Immer wieder gratuliere ich auch Vorarlberg zu seiner fantastischen, modernen Holzbau-Architektur. Aber. Ich muss jetzt einmal was sagen, auch wenn ich es kaum wage, denn als in die Hauptstadt exilierte Tochter habe ich schnell gelernt, dass man mit dem Umzug auch das Recht verwirkt hat, kritische Einwände gegen Vorgänge und Gepflogenheiten in der alten Heimat zu erheben. Kommt dreimal im Jahr ein paar Tage und reißt dann sMuul uf: Man lässt das schnell sein. Aber, wie gesagt.
„Es ist schon klar: es braucht verdichtete Bauweise, es braucht genug leistbaren Wohnraum.“
Ich hörte nämlich, Verwandtschaft habe in einem ganz neu errichteten Mehrparteienhaus in der Gegend eine Wohnung bezogen, hielt Ausschau nach dem neuen „Blöckle“ und entdeckte es erst beim dritten Vorbeiradeln, weil es so gar nicht wie ein neues Haus aussah. Ein unauffällig-hässlicher Betonwürfel, der überall auf der Welt ganz ähnlich auch schon in den achtziger Jahren errichtet worden sein könnte. Das liegt unter anderem an der offenbar neuen Vorarlberger Lieblings-Verputzfarbe: zartes Schlammbraun. Nein, mehr so ein Schmutzwassergraubraun. Nicht das Braun von frischem oder im Wetter ergrauenden Holz, sondern die Farbe von im Wasser aufgelöstem Dreck. Ich nehme an, diese Farbe ist deshalb so beliebt, weil: isch ned hoaklig, im Gegensatz zu Schnee- oder Cremeweiß, das wird ja so schnell schmutziggrau, verputzen wirs gleich naturschmutzfarbig, ist unauffällig und man muss es die nächsten hundert Jahre nicht neu streichen. Als Alemannin habe ich pragmatische, geld- und arbeitssparende Herangehensweisen im Blut, und ich höre auch, drinnen soll es luftig, hell und einladend sein, aber außen: hmm. Und diese Würfel wachsen jetzt überall aus der grünen Wiese, es scheint sich um das aktuelle Vorarlberger Standard-Blöcke-Modell zu handeln.

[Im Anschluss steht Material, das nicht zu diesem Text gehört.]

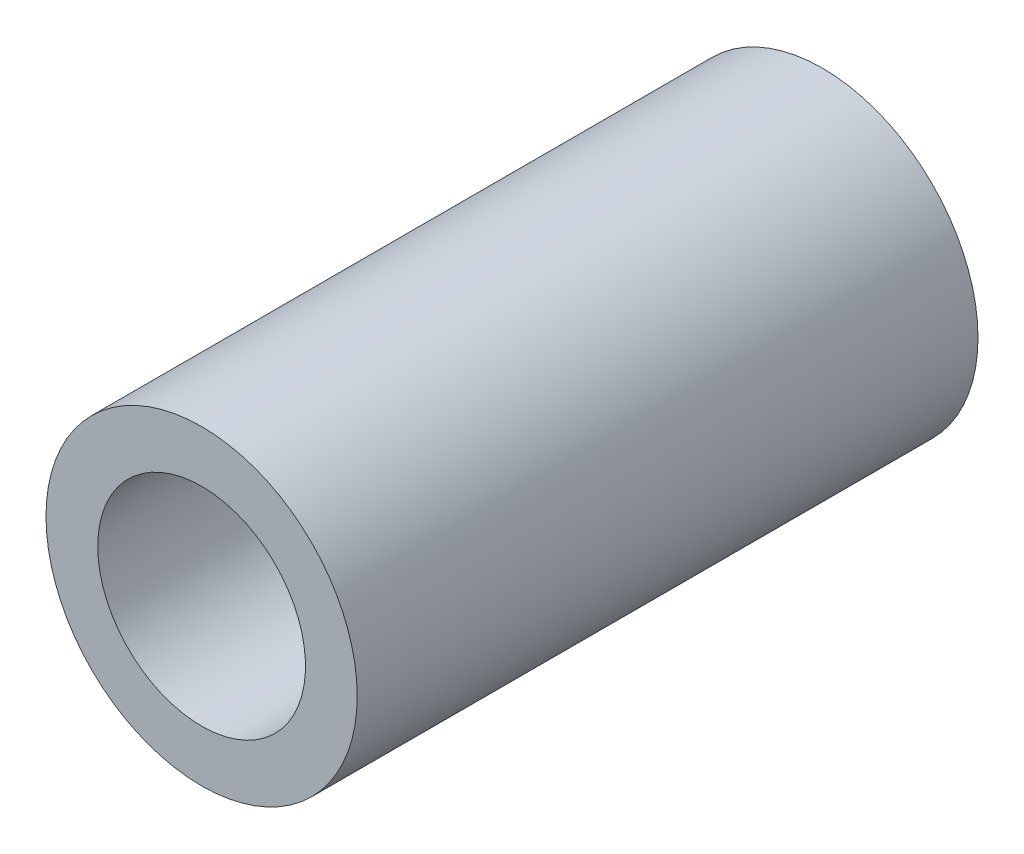
from build123d import *

# Parameters (mm, degrees)
SKETCH1_R      = 9.5504
SKETCH1_R_2    = 6.3754
EXTRUDE1_DEPTH = 19.05


with BuildPart() as part:
    # Sketch1 → Extrude1 (new, symmetric)
    with BuildSketch(Plane.XY):
        with Locations(Location((0, 0, 0), (0, 0, 180))):
            Circle(SKETCH1_R)
        with Locations(Location((0, 0, 0), (0, 0, 180))):
            Circle(SKETCH1_R_2, mode=Mode.SUBTRACT)
    extrude(amount=EXTRUDE1_DEPTH, both=True)


solid = part.part
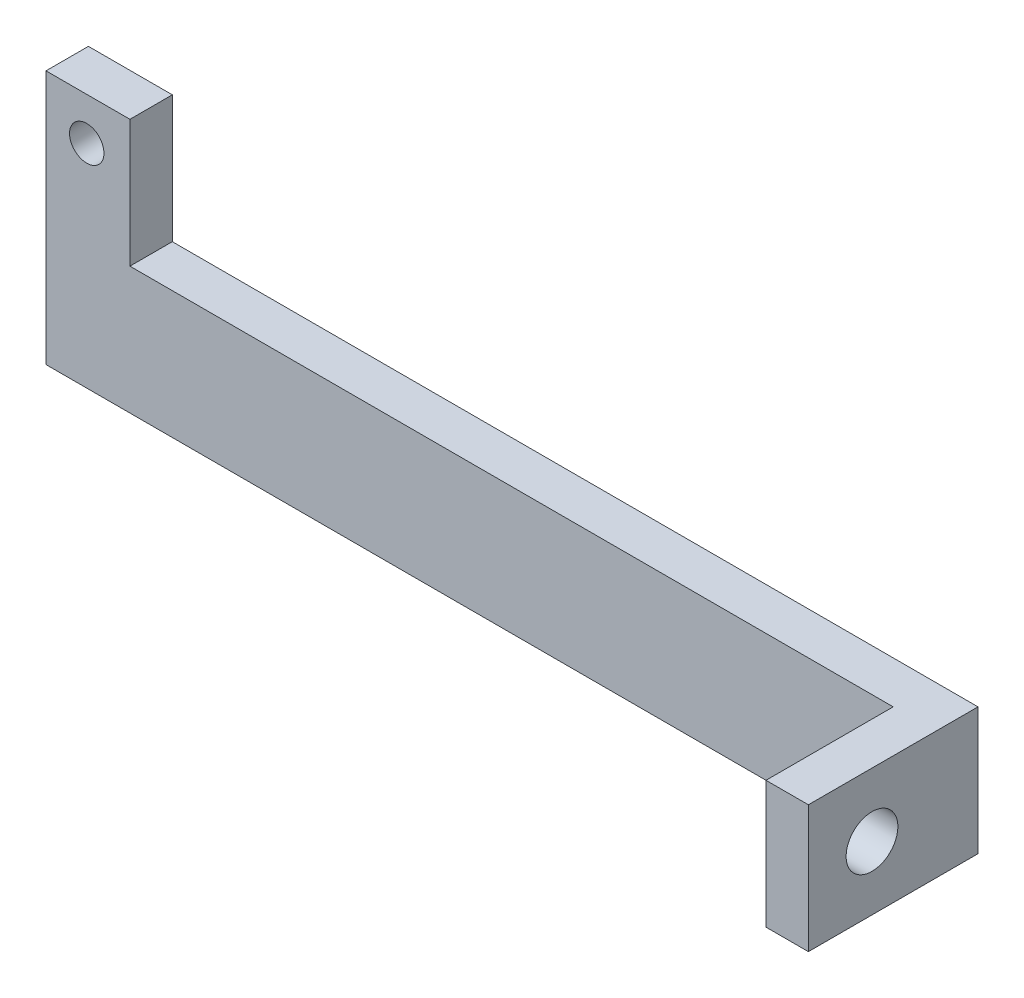
from build123d import *

# Parameters (mm, degrees)
SKETCH2_W           = 48.26
SKETCH2_H           = 7.62
BOSS_EXTRUDE1_DEPTH = 2.54
SKETCH3_W           = 5.026957718
SKETCH3_H           = 15.24
BOSS_EXTRUDE2_DEPTH = 2.54
SKETCH4_R           = 1.030507416
CUT_EXTRUDE1_DEPTH  = 2.54
SKETCH5_W           = 7.62
SKETCH5_H           = 7.62
BOSS_EXTRUDE3_DEPTH = 2.54
SKETCH6_R           = 1.55
CUT_EXTRUDE2_DEPTH  = 2.54


with BuildPart() as part:
    # Sketch2 → Boss-Extrude1 (new body)
    with BuildSketch(Plane.XY):
        with Locations((24.13, 3.81)):
            Rectangle(SKETCH2_W, SKETCH2_H)
    extrude(amount=BOSS_EXTRUDE1_DEPTH)

    # Sketch3 → Boss-Extrude2 (add)
    with BuildSketch(Plane.XY):
        with Locations((-2.513478859, 7.62)):
            Rectangle(SKETCH3_W, SKETCH3_H)
    extrude(amount=BOSS_EXTRUDE2_DEPTH)

    # Sketch4 → Cut-Extrude1 (cut)
    with BuildSketch(Plane.XY.offset(2.54)):
        with Locations((-2.586282317, 12.7)):
            Circle(SKETCH4_R)
    extrude(amount=-CUT_EXTRUDE1_DEPTH, mode=Mode.SUBTRACT)

    # Sketch5 → Boss-Extrude3 (add)
    with BuildSketch(Plane.ZY.offset(-48.26)):
        with Locations((6.35, 3.81)):
            Rectangle(SKETCH5_W, SKETCH5_H)
    extrude(amount=BOSS_EXTRUDE3_DEPTH)

    # Sketch6 → Cut-Extrude2 (cut)
    with BuildSketch(Plane.ZY.offset(-45.72)):
        with Locations((6.35, 3.81)):
            Circle(SKETCH6_R)
    extrude(amount=-CUT_EXTRUDE2_DEPTH, mode=Mode.SUBTRACT)


solid = part.part

Oh ja, es gibt immer noch die famosen, innovativen Architektinnen und Architekten in Vorarlberg mit beeindruckend geplanten, modernen Bauten. Aber diese braunen Würfel nehmen derzeit überhand, so kommts mir beim Durchfahren jedenfalls vor.
Es ist schon klar: es braucht verdichtete Bauweise, es braucht genug leistbaren Wohnraum. Aber muss er zwingend so ausschauen? Und es gibt ja auch positive Gegenbeispiele: Wohnanlagen aus Holz im weltgepriesenen Vorarlberger Holzbaustil, warm und einladend. Aber das baut offenbar fast nur noch die öffentliche Hand. Sonst: graubraune Würfel. Ich wags und sags: Sie machen das Ländle nicht schöner.
Doris Knecht ist Kolumnistin und Schriftstellerin. Sie lebt mit ihrer Familie in Wien und im Waldviertel.